# Ridgid See Snake



## Phat Cat (Apr 1, 2009)

We have decided to purchase the Ridgid See Snake, and checked out authorized distributors. The best price is on Amazon.

Is there any reason I should not order through them?


----------



## Widdershins (Feb 5, 2011)

Phat Cat said:


> We have decided to purchase the Ridgid See Snake, and checked out authorized distributors. The best price is on Amazon.
> 
> Is there any reason I should not order through them?


No reason that I can think of.

I think Amazon is great.


----------



## Gettinit (May 9, 2012)

This is not a dig at Amazon but I have had nothing but problems when ordering over the internet.

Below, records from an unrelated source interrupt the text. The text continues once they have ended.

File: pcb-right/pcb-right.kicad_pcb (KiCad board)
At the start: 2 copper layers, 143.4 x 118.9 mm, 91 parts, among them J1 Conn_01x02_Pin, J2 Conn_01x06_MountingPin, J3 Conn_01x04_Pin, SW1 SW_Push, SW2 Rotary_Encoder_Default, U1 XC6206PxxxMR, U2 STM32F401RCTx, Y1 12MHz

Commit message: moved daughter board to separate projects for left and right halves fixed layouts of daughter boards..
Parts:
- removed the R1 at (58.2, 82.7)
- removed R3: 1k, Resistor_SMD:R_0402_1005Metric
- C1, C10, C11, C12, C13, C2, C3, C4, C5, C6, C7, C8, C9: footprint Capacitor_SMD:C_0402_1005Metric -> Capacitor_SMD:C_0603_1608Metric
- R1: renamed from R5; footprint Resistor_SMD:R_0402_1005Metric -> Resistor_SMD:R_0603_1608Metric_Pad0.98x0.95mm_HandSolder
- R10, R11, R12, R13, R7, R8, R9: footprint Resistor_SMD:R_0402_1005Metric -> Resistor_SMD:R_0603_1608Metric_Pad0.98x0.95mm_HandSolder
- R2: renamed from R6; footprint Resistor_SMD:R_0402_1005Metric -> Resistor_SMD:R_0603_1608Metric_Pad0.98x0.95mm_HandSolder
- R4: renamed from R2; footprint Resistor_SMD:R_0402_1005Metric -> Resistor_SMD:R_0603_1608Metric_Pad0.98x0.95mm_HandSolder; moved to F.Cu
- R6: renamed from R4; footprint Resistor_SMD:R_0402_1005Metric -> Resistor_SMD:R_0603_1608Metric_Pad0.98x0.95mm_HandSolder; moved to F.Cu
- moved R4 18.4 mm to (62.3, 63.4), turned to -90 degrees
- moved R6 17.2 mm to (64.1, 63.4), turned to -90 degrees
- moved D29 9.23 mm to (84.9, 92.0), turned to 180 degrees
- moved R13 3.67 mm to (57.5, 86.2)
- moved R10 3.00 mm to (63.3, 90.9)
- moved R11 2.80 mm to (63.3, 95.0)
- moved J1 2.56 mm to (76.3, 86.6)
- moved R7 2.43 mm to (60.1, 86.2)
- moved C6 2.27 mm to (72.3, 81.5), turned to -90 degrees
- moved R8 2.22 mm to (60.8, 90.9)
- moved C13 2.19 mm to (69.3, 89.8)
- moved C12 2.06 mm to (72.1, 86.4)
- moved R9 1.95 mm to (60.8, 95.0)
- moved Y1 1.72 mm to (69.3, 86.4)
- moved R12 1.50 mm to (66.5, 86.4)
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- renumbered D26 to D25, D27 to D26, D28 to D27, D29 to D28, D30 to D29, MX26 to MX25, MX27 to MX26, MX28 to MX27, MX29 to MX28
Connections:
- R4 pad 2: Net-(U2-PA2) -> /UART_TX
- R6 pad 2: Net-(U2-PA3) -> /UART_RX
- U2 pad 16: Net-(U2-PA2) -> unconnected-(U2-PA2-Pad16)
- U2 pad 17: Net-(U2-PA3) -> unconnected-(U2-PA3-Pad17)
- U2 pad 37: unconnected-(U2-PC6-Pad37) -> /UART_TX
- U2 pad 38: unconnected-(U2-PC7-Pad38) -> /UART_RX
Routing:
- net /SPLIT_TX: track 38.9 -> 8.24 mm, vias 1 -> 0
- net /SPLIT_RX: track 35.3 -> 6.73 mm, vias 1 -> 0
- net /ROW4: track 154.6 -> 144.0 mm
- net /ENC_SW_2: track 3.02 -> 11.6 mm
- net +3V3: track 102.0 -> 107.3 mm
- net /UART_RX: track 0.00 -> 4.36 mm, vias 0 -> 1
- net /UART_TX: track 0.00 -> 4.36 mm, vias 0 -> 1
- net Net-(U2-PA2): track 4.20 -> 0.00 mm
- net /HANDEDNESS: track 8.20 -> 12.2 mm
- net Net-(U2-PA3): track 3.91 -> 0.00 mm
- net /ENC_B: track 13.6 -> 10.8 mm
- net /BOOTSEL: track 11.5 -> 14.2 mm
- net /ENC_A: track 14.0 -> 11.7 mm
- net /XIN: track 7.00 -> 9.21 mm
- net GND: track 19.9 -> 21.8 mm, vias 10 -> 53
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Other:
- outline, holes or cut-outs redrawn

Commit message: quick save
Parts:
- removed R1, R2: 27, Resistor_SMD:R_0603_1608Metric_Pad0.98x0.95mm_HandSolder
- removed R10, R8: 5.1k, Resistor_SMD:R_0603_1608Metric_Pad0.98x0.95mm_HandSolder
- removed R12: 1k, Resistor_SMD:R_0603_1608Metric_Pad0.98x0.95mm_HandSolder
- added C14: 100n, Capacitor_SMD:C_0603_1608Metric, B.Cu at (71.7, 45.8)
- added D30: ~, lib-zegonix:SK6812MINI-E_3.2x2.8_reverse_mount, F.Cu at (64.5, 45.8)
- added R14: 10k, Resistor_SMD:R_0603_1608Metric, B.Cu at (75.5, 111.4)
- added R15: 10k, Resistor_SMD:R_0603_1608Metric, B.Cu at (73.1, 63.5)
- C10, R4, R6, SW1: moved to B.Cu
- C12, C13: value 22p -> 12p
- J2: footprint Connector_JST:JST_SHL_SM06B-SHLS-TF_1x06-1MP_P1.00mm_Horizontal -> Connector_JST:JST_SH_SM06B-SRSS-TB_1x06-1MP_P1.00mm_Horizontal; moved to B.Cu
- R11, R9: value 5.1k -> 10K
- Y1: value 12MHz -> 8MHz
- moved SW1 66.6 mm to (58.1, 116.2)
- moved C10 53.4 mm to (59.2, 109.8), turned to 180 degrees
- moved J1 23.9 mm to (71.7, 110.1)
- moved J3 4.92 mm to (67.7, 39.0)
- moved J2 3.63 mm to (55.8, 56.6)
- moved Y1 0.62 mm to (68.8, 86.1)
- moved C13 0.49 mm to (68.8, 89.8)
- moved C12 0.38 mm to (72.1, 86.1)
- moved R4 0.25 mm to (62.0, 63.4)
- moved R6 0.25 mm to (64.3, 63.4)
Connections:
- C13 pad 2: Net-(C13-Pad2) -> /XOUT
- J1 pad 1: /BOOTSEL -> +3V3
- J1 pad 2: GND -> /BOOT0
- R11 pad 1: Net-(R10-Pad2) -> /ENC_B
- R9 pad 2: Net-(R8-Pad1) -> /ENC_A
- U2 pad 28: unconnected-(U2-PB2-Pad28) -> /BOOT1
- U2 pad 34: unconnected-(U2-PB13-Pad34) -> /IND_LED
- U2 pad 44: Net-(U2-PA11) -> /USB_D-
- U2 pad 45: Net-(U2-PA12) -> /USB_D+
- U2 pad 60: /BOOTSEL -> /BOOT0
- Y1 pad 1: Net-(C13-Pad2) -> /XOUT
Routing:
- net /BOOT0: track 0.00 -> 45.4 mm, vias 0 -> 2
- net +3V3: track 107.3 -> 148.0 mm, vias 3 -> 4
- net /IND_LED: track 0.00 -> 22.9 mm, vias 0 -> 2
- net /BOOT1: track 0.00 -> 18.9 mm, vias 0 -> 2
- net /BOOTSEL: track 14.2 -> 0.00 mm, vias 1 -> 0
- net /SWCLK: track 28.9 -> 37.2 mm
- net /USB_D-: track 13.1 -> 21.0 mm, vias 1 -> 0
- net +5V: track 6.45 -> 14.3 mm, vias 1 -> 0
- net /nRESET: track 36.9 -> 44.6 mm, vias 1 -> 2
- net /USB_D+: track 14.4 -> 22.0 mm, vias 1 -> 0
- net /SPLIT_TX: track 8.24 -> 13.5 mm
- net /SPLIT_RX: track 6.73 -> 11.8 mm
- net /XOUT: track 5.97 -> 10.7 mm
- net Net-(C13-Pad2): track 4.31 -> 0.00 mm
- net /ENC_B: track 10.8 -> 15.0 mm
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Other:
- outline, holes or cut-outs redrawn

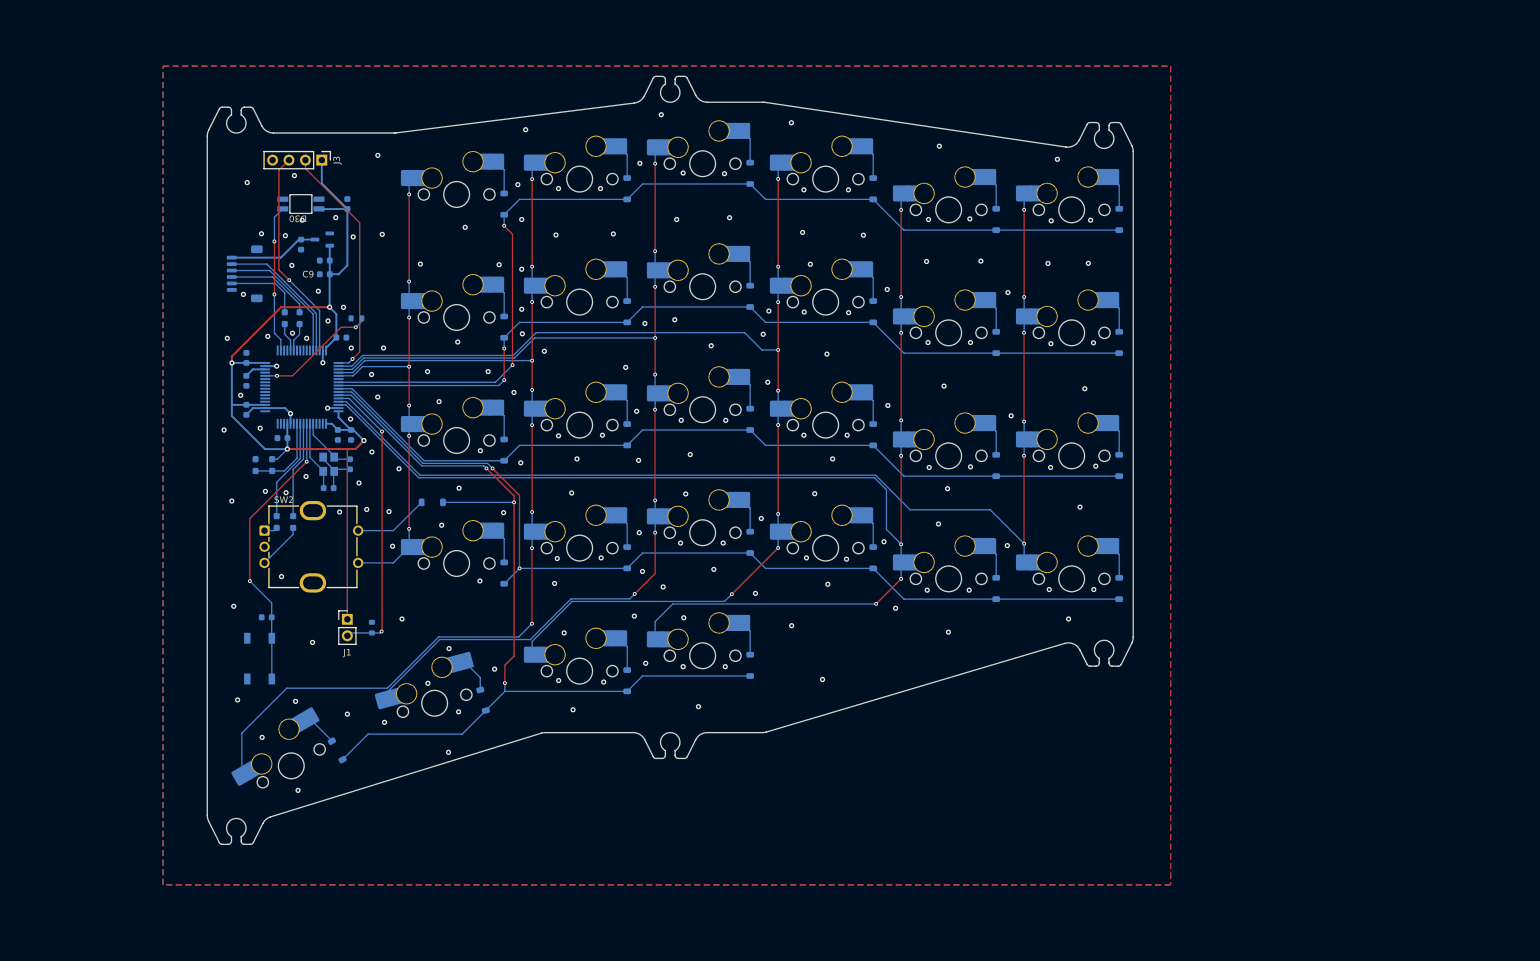
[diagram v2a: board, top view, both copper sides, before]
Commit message: finalised first version of pcbs for prototype order added openscad file for the left halfs case
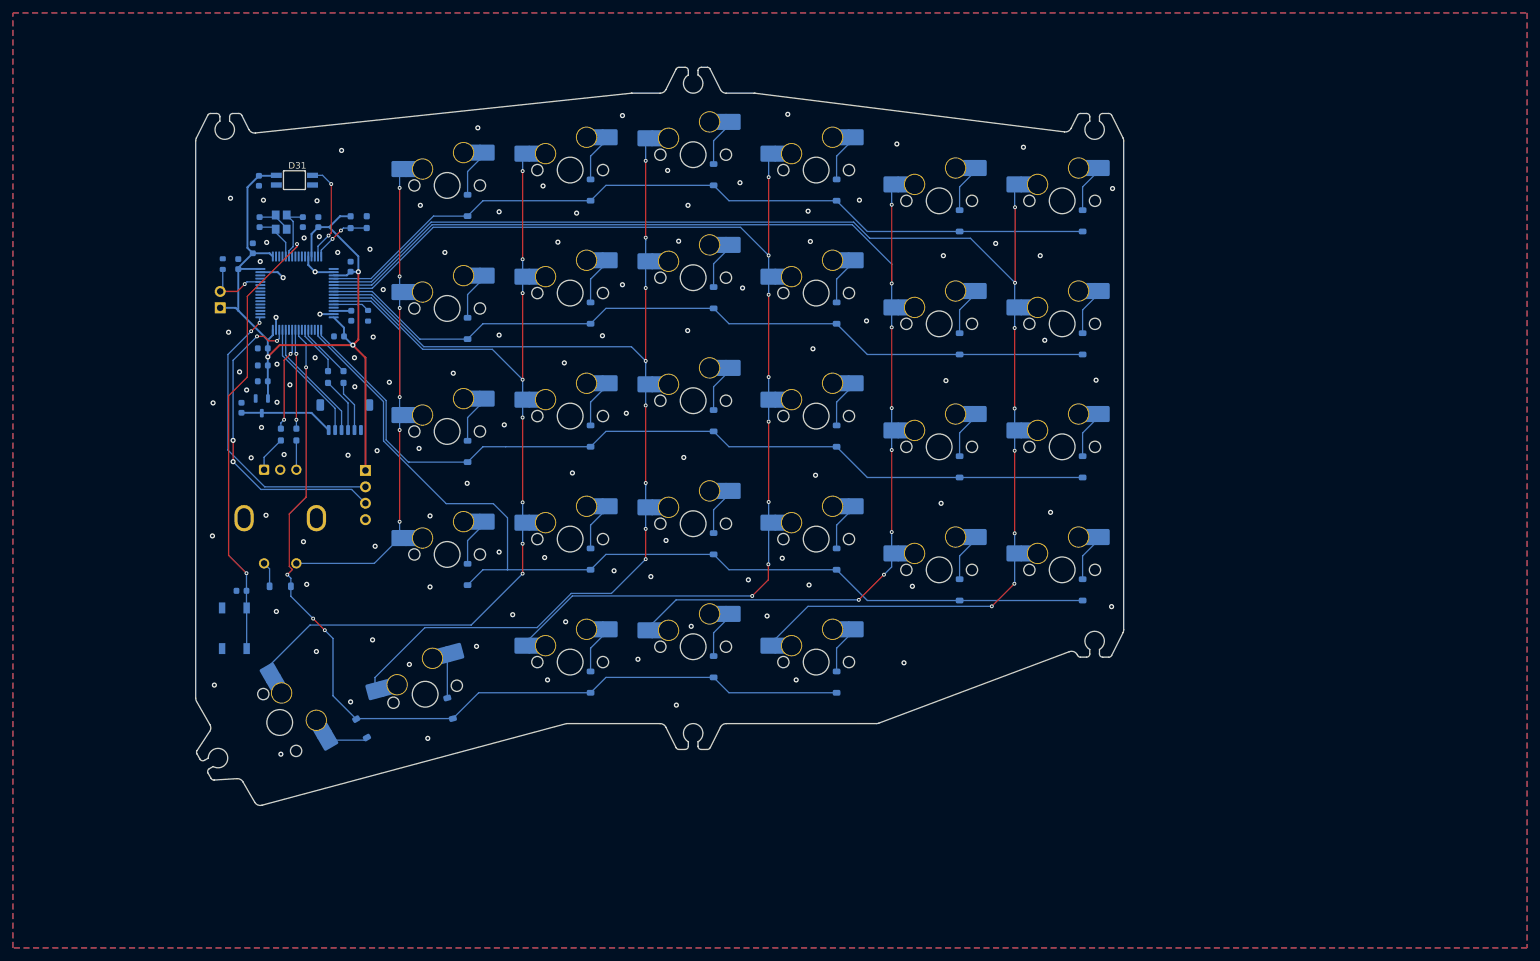
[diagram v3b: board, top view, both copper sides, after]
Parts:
- removed R11: 10K, Resistor_SMD:R_0603_1608Metric_Pad0.98x0.95mm_HandSolder
- removed R13: 5.1k, Resistor_SMD:R_0603_1608Metric_Pad0.98x0.95mm_HandSolder
- removed R14, R15: 10k, Resistor_SMD:R_0603_1608Metric
- added D31: ~, lib-zegonix:SK6812MINI-E_3.2x2.8_reverse_mount, F.Cu at (63.5, 42.1)
- added MX29: MX_SW_HS, PCM_marbastlib-mx:SW_MX_HS_1u, B.Cu at (61.2, 126.1)
- added R1: 10k, Resistor_SMD:R_0603_1608Metric, B.Cu at (52.4, 55.1)
- added R10: 10k, Resistor_SMD:R_0603_1608Metric_Pad0.98x0.95mm_HandSolder, B.Cu at (74.7, 48.6)
- added R2: 10k, Resistor_SMD:R_0603_1608Metric, B.Cu at (74.9, 63.1)
- added R8: 10K, Resistor_SMD:R_0603_1608Metric_Pad0.98x0.95mm_HandSolder, B.Cu at (61.4, 81.5)
- C13: value 12p -> 100n
- C14: value 100n -> 12p
- D30: value ~ -> D_Small; footprint lib-zegonix:SK6812MINI-E_3.2x2.8_reverse_mount -> Diode_SMD:D_SOD-123; moved to B.Cu
- J1: value Conn_01x02_Pin -> Conn_01x04_Pin; footprint Connector_PinHeader_2.54mm:PinHeader_1x02_P2.54mm_Vertical -> Connector_PinHeader_2.54mm:PinHeader_1x04_P2.54mm_Vertical; moved to B.Cu
- J2: value Conn_01x06_MountingPin -> Conn_01x02_Pin; footprint Connector_JST:JST_SH_SM06B-SRSS-TB_1x06-1MP_P1.00mm_Horizontal -> Connector_PinHeader_2.54mm:PinHeader_1x02_P2.54mm_Vertical
- J3: value Conn_01x04_Pin -> Conn_01x06_MountingPin; footprint Connector_PinHeader_2.54mm:PinHeader_1x04_P2.54mm_Vertical -> Connector_JST:JST_SH_SM06B-SRSS-TB_1x06-1MP_P1.00mm_Horizontal; moved to B.Cu
- R7: value 5.1k -> 10k
- SW2: moved to B.Cu
- moved D30 59.3 mm to (61.3, 105.0)
- moved C13 48.8 mm to (58.0, 42.2), turned to -90 degrees
- moved C12 40.0 mm to (58.1, 48.6), turned to -90 degrees
- moved J3 40.0 mm to (71.3, 78.8), turned to 0 degrees
- moved R7 39.5 mm to (72.2, 48.6)
- moved Y1 38.2 mm to (61.5, 48.6), turned to -90 degrees
- moved D29 36.7 mm to (73.9, 127.0), turned to -60 degrees
- moved C4 31.8 mm to (57.1, 52.6), turned to 90 degrees
- moved U1 27.4 mm to (58.5, 77.0), turned to -90 degrees
- moved C8 26.9 mm to (55.3, 77.3), turned to 90 degrees
- moved C6 26.1 mm to (72.2, 55.5), turned to 90 degrees
- moved C7 23.8 mm to (67.2, 48.6)
- moved MX28 23.5 mm to (83.7, 121.7), turned to -165 degrees
- moved J1 23.2 mm to (74.5, 87.0), turned to 180 degrees
- moved MX27 21.9 mm to (106.2, 116.7), turned to 180 degrees
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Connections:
- C13 pad 1: GND -> +3V3
- C13 pad 2: /XOUT -> GND
- C14 pad 1: +3V3 -> GND
- C14 pad 2: GND -> /XOUT
- D29 pad 2: /ENC_SW_2 -> Net-(D29-A)
- D30 pad 1: +3V3 -> /ROW4
- D30 pad 2: unconnected-(D30-DOUT-Pad2) -> /ENC_SW_2
- J1 pad 2: /BOOT0 -> /SWCLK
- J2 pad 1: +5V -> +3V3
- J2 pad 2: /USB_D+ -> /BOOT0
- J3 pad 1: +3V3 -> +5V
- J3 pad 2: /SWCLK -> /USB_D+
- J3 pad 3: /SWDIO -> /USB_D-
- J3 pad 4: GND -> /SPLIT_TX
- MX25 pad 1: /COL1 -> /COL0
- MX26 pad 1: /COL2 -> /COL1
- MX27 pad 1: /COL3 -> /COL2
- MX28 pad 1: /COL4 -> /COL3
- R9 pad 1: Net-(R9-Pad1) -> /ENC_B
- R9 pad 2: /ENC_A -> Net-(R9-Pad2)
- SW2 pad A: Net-(R9-Pad1) -> Net-(R8-Pad1)
- SW2 pad B: Net-(R11-Pad2) -> Net-(R9-Pad2)
- U2 pad 10: /HANDEDNESS -> unconnected-(U2-PC2-Pad10)
- U2 pad 15: unconnected-(U2-PA1-Pad15) -> /IND_LED
- U2 pad 16: unconnected-(U2-PA2-Pad16) -> /HANDEDNESS
- U2 pad 20: unconnected-(U2-PA4-Pad20) -> /ROW0
- U2 pad 21: unconnected-(U2-PA5-Pad21) -> /COL0
- U2 pad 22: unconnected-(U2-PA6-Pad22) -> /COL1
- U2 pad 23: unconnected-(U2-PA7-Pad23) -> /COL2
- U2 pad 24: unconnected-(U2-PC4-Pad24) -> /ROW1
- U2 pad 25: unconnected-(U2-PC5-Pad25) -> /COL3
- U2 pad 26: unconnected-(U2-PB0-Pad26) -> /COL4
- U2 pad 27: unconnected-(U2-PB1-Pad27) -> /COL5
- U2 pad 33: unconnected-(U2-PB12-Pad33) -> /ROW2
- U2 pad 34: /IND_LED -> /ROW3
- U2 pad 40: unconnected-(U2-PC9-Pad40) -> /ROW4
- U2 pad 41: unconnected-(U2-PA8-Pad41) -> /ENC_B
- U2 pad 42: unconnected-(U2-PA9-Pad42) -> /ENC_A
- U2 pad 50: /COL2 -> unconnected-(U2-PA15-Pad50)
- U2 pad 51: /COL3 -> unconnected-(U2-PC10-Pad51)
- U2 pad 52: /COL4 -> unconnected-(U2-PC11-Pad52)
- U2 pad 53: /COL5 -> unconnected-(U2-PC12-Pad53)
- U2 pad 55: /ROW0 -> unconnected-(U2-PB3-Pad55)
- U2 pad 56: /ROW1 -> unconnected-(U2-PB4-Pad56)
- U2 pad 57: /ROW2 -> unconnected-(U2-PB5-Pad57)
- U2 pad 58: /ROW3 -> unconnected-(U2-PB6-Pad58)
- U2 pad 59: /ROW4 -> unconnected-(U2-PB7-Pad59)
- U2 pad 61: /COL0 -> unconnected-(U2-PB8-Pad61)
- U2 pad 62: /COL1 -> unconnected-(U2-PB9-Pad62)
- U2 pad 8: /ENC_B -> unconnected-(U2-PC0-Pad8)
- U2 pad 9: /ENC_A -> unconnected-(U2-PC1-Pad9)
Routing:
- net /COL0: track 172.5 -> 217.2 mm, vias 6 -> 8
- net /BOOT0: track 45.4 -> 10.4 mm, vias 2 -> 1
- net /ROW0: track 152.1 -> 124.9 mm, vias 2 -> 0
- net /nRESET: track 44.6 -> 70.4 mm
- net +3V3: track 148.0 -> 127.6 mm, vias 4 -> 3
- net /COL5: track 77.6 -> 97.2 mm, vias 7 -> 6
- net /SWDIO: track 32.7 -> 49.4 mm, vias 1 -> 4
- net /COL4: track 160.7 -> 145.8 mm, vias 9 -> 8
- net /BOOT1: track 18.9 -> 5.71 mm, vias 2 -> 0
- net /SWCLK: track 37.2 -> 46.3 mm, vias 1 -> 2
- net /ROW1: track 132.8 -> 124.0 mm, vias 2 -> 0
- net /ENC_SW_2: track 11.6 -> 3.90 mm
- net /ROW3: track 146.2 -> 153.8 mm, vias 2 -> 0
- net /IND_LED: track 22.9 -> 15.5 mm
- net Net-(R11-Pad2): track 7.26 -> 0.00 mm
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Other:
- board size 143.4 x 118.9 mm -> 143.7 x 114.3 mm

If I don't deal locally I deal with AJ Coleman. So far they haven't been beat in price or service. I had some issues with Ridgid and they took care of everything and lightning fast.


----------



## SlickRick (Sep 3, 2009)

On a expensive piece of electronic equipment like a camera, IMO it would be a good idea to purchase it from a known rep. dealer.


----------



## plbgbiz (Aug 27, 2010)

I have Amazon on the internet version of speed dial. They have been a great resource for us with zero problems. 

The biggest issue is to be sure it is an item that ships directly from Amazon.


----------



## TallCoolOne (Dec 19, 2010)

Phat Cat said:


> We have decided to purchase the Ridgid See Snake, and checked out authorized distributors. The best price is on Amazon.
> 
> Is there any reason I should not order through them?


If you are not in a hurry you can find a good deal on Used Sea snake from ebay or craigslist


----------



## DesertOkie (Jul 15, 2011)

Tool up has decent prices. I love Amazon, as Biz said make sure Amazon is shipping it. Can't beat free shipping. 

I got my mini on ebay, but the wait to find the right one for a good price could be long.


----------



## Phat Cat (Apr 1, 2009)

I ordered two of them today. Our supplier was $246. ea, and Amazon was $199.00 plus free shipping. My concern was warranty. 

It was also available at Home Depot for the same price. I'd rather not give HD the money.


----------



## TallCoolOne (Dec 19, 2010)

Phat Cat said:


> I ordered two of them today. Our supplier was $246. ea, and Amazon was $199.00 plus free shipping. My concern was warranty.
> 
> It was also available at Home Depot for the same price. I'd rather not give HD the money.


Mini Sea snakes you mean


----------



## SlickRick (Sep 3, 2009)

I misunderstood.


----------



## DesertOkie (Jul 15, 2011)

TallCoolOne said:


> Mini Sea snakes you mean



Micro


----------